Week 5 finishes what I started in Week 2: the root planter on the rover base is now a real Bambu Lab H2D build. I documented filament sourcing, slicer and on-machine UI, the failed first plate, and the second print after I rebuilt the mesh with the same eight-step CAD sequence (tooling detail and annotated captures in Figures 6–15 here). Lesson I am keeping: even scan-ready or sculpt-heavy meshes need solid printable joints. I also documented the Luma 3D scan as a separate workflow: setup, capture settings, three-loop scanning path, cloud processing, and final reconstructed result. A mesh that looks fine in the viewport can still fail on the bed if trunk and base never fused into one watertight solid; a scan that looks easy in the app can also lose detail if the object edges, lighting, and background are not controlled.

Group assignment

Guangzhou (Chaihuo) group documentation: design-rules testing for the lab’s 3D printer (FDM).

Abstract

The group runs a deliberate design-rules campaign on the specific printer(s) available at the site: overhangs and bridging, clearances and gaps, wall thickness, and angles (supported versus marginal versus unsupported surfaces), aligned with Fab Academy “Testing Design Rules” guidance.

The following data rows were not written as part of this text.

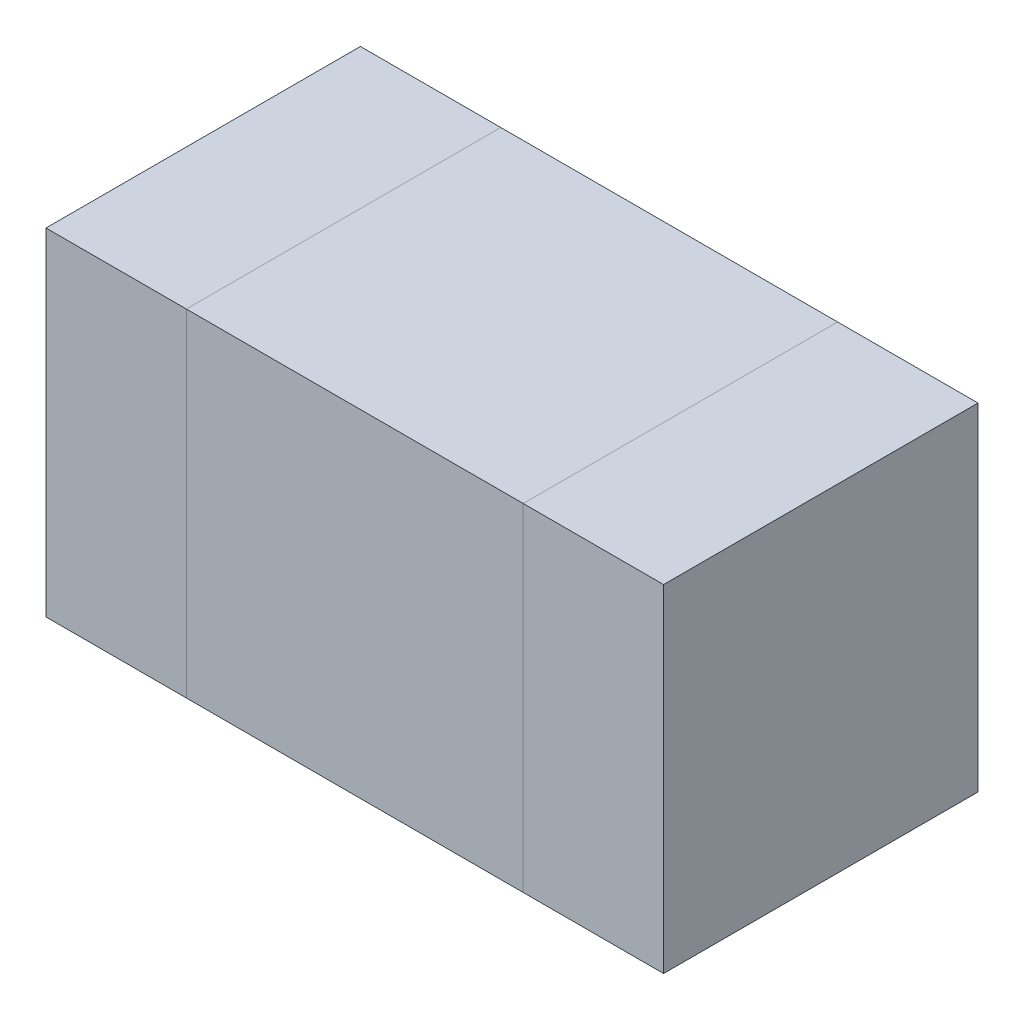
ISO-10303-21;
HEADER;
FILE_DESCRIPTION(('STEP AP214'),'2;1');
FILE_NAME('part.step','',(''),(''),'','','');
FILE_SCHEMA(('AUTOMOTIVE_DESIGN { 1 0 10303 214 1 1 1 1 }'));
ENDSEC;
DATA;
#1=APPLICATION_CONTEXT('core data for automotive mechanical design processes');
#2=APPLICATION_PROTOCOL_DEFINITION('international standard','automotive_design',2000,#1);
#3=PRODUCT_CONTEXT('',#1,'mechanical');
#4=PRODUCT('Part','Part','',(#3));
#5=PRODUCT_RELATED_PRODUCT_CATEGORY('part','',(#4));
#6=PRODUCT_DEFINITION_FORMATION('','',#4);
#7=PRODUCT_DEFINITION_CONTEXT('part definition',#1,'design');
#8=PRODUCT_DEFINITION('design','',#6,#7);
#9=PRODUCT_DEFINITION_SHAPE('','',#8);
#10=(LENGTH_UNIT() NAMED_UNIT(*) SI_UNIT(.MILLI.,.METRE.));
#11=(NAMED_UNIT(*) PLANE_ANGLE_UNIT() SI_UNIT($,.RADIAN.));
#12=(NAMED_UNIT(*) SI_UNIT($,.STERADIAN.) SOLID_ANGLE_UNIT());
#13=UNCERTAINTY_MEASURE_WITH_UNIT(LENGTH_MEASURE(1.E-05),#10,'distance_accuracy_value','');
#14=(GEOMETRIC_REPRESENTATION_CONTEXT(3) GLOBAL_UNCERTAINTY_ASSIGNED_CONTEXT((#13)) GLOBAL_UNIT_ASSIGNED_CONTEXT((#10,
#11,#12)) REPRESENTATION_CONTEXT('',''));
#15=CARTESIAN_POINT('',(0.,0.,0.));
#16=DIRECTION('',(0.,0.,1.));
#17=DIRECTION('',(1.,0.,0.));
#18=AXIS2_PLACEMENT_3D('',#15,#16,#17);
#19=CARTESIAN_POINT('',(0.2999994,-0.2999994,0.));
#20=DIRECTION('',(-1.,0.,0.));
#21=DIRECTION('',(0.,1.,0.));
#22=AXIS2_PLACEMENT_3D('',#19,#20,#21);
#23=PLANE('',#22);
#24=DIRECTION('',(0.,1.,0.));
#25=VECTOR('',#24,1.);
#26=CARTESIAN_POINT('',(0.2999994,-0.2999994,0.));
#27=LINE('',#26,#25);
#28=CARTESIAN_POINT('',(0.2999994,-0.2999994,0.));
#29=VERTEX_POINT('',#28);
#30=CARTESIAN_POINT('',(0.2999994,0.2999994,0.));
#31=VERTEX_POINT('',#30);
#32=EDGE_CURVE('P0_E10',#29,#31,#27,.T.);
#33=ORIENTED_EDGE('',*,*,#32,.T.);
#34=DIRECTION('',(0.,0.,1.));
#35=VECTOR('',#34,1.);
#36=CARTESIAN_POINT('',(0.2999994,0.2999994,0.));
#37=LINE('',#36,#35);
#38=CARTESIAN_POINT('',(0.2999994,0.2999994,0.55999888));
#39=VERTEX_POINT('',#38);
#40=EDGE_CURVE('P0_E23',#31,#39,#37,.T.);
#41=ORIENTED_EDGE('',*,*,#40,.T.);
#42=DIRECTION('',(0.,1.,0.));
#43=VECTOR('',#42,1.);
#44=CARTESIAN_POINT('',(0.2999994,-0.2999994,0.55999888));
#45=LINE('',#44,#43);
#46=CARTESIAN_POINT('',(0.2999994,-0.2999994,0.55999888));
#47=VERTEX_POINT('',#46);
#48=EDGE_CURVE('P0_E85',#47,#39,#45,.T.);
#49=ORIENTED_EDGE('',*,*,#48,.F.);
#50=DIRECTION('',(0.,0.,1.));
#51=VECTOR('',#50,1.);
#52=CARTESIAN_POINT('',(0.2999994,-0.2999994,0.));
#53=LINE('',#52,#51);
#54=EDGE_CURVE('P0_E36',#29,#47,#53,.T.);
#55=ORIENTED_EDGE('',*,*,#54,.F.);
#56=EDGE_LOOP('',(#33,#41,#49,#55));
#57=FACE_BOUND('',#56,.T.);
#58=ADVANCED_FACE('P0_F16',(#57),#23,.F.);
#59=CARTESIAN_POINT('',(0.2999994,0.2999994,0.));
#60=DIRECTION('',(0.,-1.,0.));
#61=DIRECTION('',(-1.,0.,0.));
#62=AXIS2_PLACEMENT_3D('',#59,#60,#61);
#63=PLANE('',#62);
#64=DIRECTION('',(-1.,0.,0.));
#65=VECTOR('',#64,1.);
#66=CARTESIAN_POINT('',(0.2999994,0.2999994,0.));
#67=LINE('',#66,#65);
#68=CARTESIAN_POINT('',(-0.30000194,0.2999994,0.));
#69=VERTEX_POINT('',#68);
#70=EDGE_CURVE('P0_E30',#31,#69,#67,.T.);
#71=ORIENTED_EDGE('',*,*,#70,.T.);
#72=DIRECTION('',(0.,0.,1.));
#73=VECTOR('',#72,1.);
#74=CARTESIAN_POINT('',(-0.30000194,0.2999994,0.));
#75=LINE('',#74,#73);
#76=CARTESIAN_POINT('',(-0.30000194,0.2999994,0.55999888));
#77=VERTEX_POINT('',#76);
#78=EDGE_CURVE('P0_E81',#69,#77,#75,.T.);
#79=ORIENTED_EDGE('',*,*,#78,.T.);
#80=DIRECTION('',(-1.,0.,0.));
#81=VECTOR('',#80,1.);
#82=CARTESIAN_POINT('',(0.2999994,0.2999994,0.55999888));
#83=LINE('',#82,#81);
#84=EDGE_CURVE('P0_E61',#39,#77,#83,.T.);
#85=ORIENTED_EDGE('',*,*,#84,.F.);
#86=ORIENTED_EDGE('',*,*,#40,.F.);
#87=EDGE_LOOP('',(#71,#79,#85,#86));
#88=FACE_BOUND('',#87,.T.);
#89=ADVANCED_FACE('P0_F89',(#88),#63,.F.);
#90=CARTESIAN_POINT('',(-0.30000194,0.2999994,0.));
#91=DIRECTION('',(1.,0.,0.));
#92=DIRECTION('',(0.,-1.,0.));
#93=AXIS2_PLACEMENT_3D('',#90,#91,#92);
#94=PLANE('',#93);
#95=DIRECTION('',(0.,-1.,0.));
#96=VECTOR('',#95,1.);
#97=CARTESIAN_POINT('',(-0.30000194,0.2999994,0.));
#98=LINE('',#97,#96);
#99=CARTESIAN_POINT('',(-0.30000194,-0.2999994,0.));
#100=VERTEX_POINT('',#99);
#101=EDGE_CURVE('P0_E74',#69,#100,#98,.T.);
#102=ORIENTED_EDGE('',*,*,#101,.T.);
#103=DIRECTION('',(0.,0.,1.));
#104=VECTOR('',#103,1.);
#105=CARTESIAN_POINT('',(-0.30000194,-0.2999994,0.));
#106=LINE('',#105,#104);
#107=CARTESIAN_POINT('',(-0.30000194,-0.2999994,0.55999888));
#108=VERTEX_POINT('',#107);
#109=EDGE_CURVE('P0_E66',#100,#108,#106,.T.);
#110=ORIENTED_EDGE('',*,*,#109,.T.);
#111=DIRECTION('',(0.,-1.,0.));
#112=VECTOR('',#111,1.);
#113=CARTESIAN_POINT('',(-0.30000194,0.2999994,0.55999888));
#114=LINE('',#113,#112);
#115=EDGE_CURVE('P0_E56',#77,#108,#114,.T.);
#116=ORIENTED_EDGE('',*,*,#115,.F.);
#117=ORIENTED_EDGE('',*,*,#78,.F.);
#118=EDGE_LOOP('',(#102,#110,#116,#117));
#119=FACE_BOUND('',#118,.T.);
#120=ADVANCED_FACE('P0_F73',(#119),#94,.F.);
#121=CARTESIAN_POINT('',(-0.30000194,-0.2999994,0.));
#122=DIRECTION('',(0.,1.,0.));
#123=DIRECTION('',(1.,0.,0.));
#124=AXIS2_PLACEMENT_3D('',#121,#122,#123);
#125=PLANE('',#124);
#126=DIRECTION('',(1.,0.,0.));
#127=VECTOR('',#126,1.);
#128=CARTESIAN_POINT('',(-0.30000194,-0.2999994,0.));
#129=LINE('',#128,#127);
#130=EDGE_CURVE('P0_E67',#100,#29,#129,.T.);
#131=ORIENTED_EDGE('',*,*,#130,.T.);
#132=ORIENTED_EDGE('',*,*,#54,.T.);
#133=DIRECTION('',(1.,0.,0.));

The outcome is a short, evidence-backed design-rules sheet with slicer settings, nozzle/layer height, filament, and pass/fail or measured limits, so future work on that machine starts from measured behaviour instead of guesses.

1. Printer, filament, and slicer baseline

We recorded the machine model, nozzle, bed, filament type/brand, and the baseline slicer profile used for the test coupons.

Several FDM machine form factors were visible in the lab; the documented tests refer to the specific printer and slicer profile your group selected.

Several different FDM 3D printers in the lab
Figure 1: Different 3D printers on site (tie results to one chosen machine).
Retrieving filament or stock for 3D printing from lab storage
Figure 2: Retrieving 3D printing material — match filament type to the baseline recorded above.

2. Test geometry and procedure

The test prints covered the normal FDM questions: overhang angle, bridge span, clearance, wall thickness, and small features. Each coupon gave us one number or pass/fail observation to carry into later design work.

3. Results

We photographed the coupons before removing them from the bed, then compared visible failures with the nominal dimensions in the slicer. The photos below are the evidence I kept for that table.

3D-printed design-rules test coupons on a build plate
Figure 3: Coupon probing walls, gaps, bridging, etc. — mark pass/fail regions.
Inspecting 3D-printed design-rules test coupons on the build plate
Figure 4: Inspecting printed test coupons — note warping, stringing, and feature quality before tabulating results.
3D-printed part testing maximum overhang angle
Figure 5: Overhang / angle capability for this printer.

A source capture was also saved as 3d-print-test-parts.heic; the JPEG 3d-print-test-parts.jpg is used here for broad browser compatibility.

4. Recommended design rules

The useful output is a short set of limits: minimum wall that survives, maximum unsupported angle before the underside gets rough, and the minimum gap that still moves after printing. I use those numbers before committing final-project parts to a long print.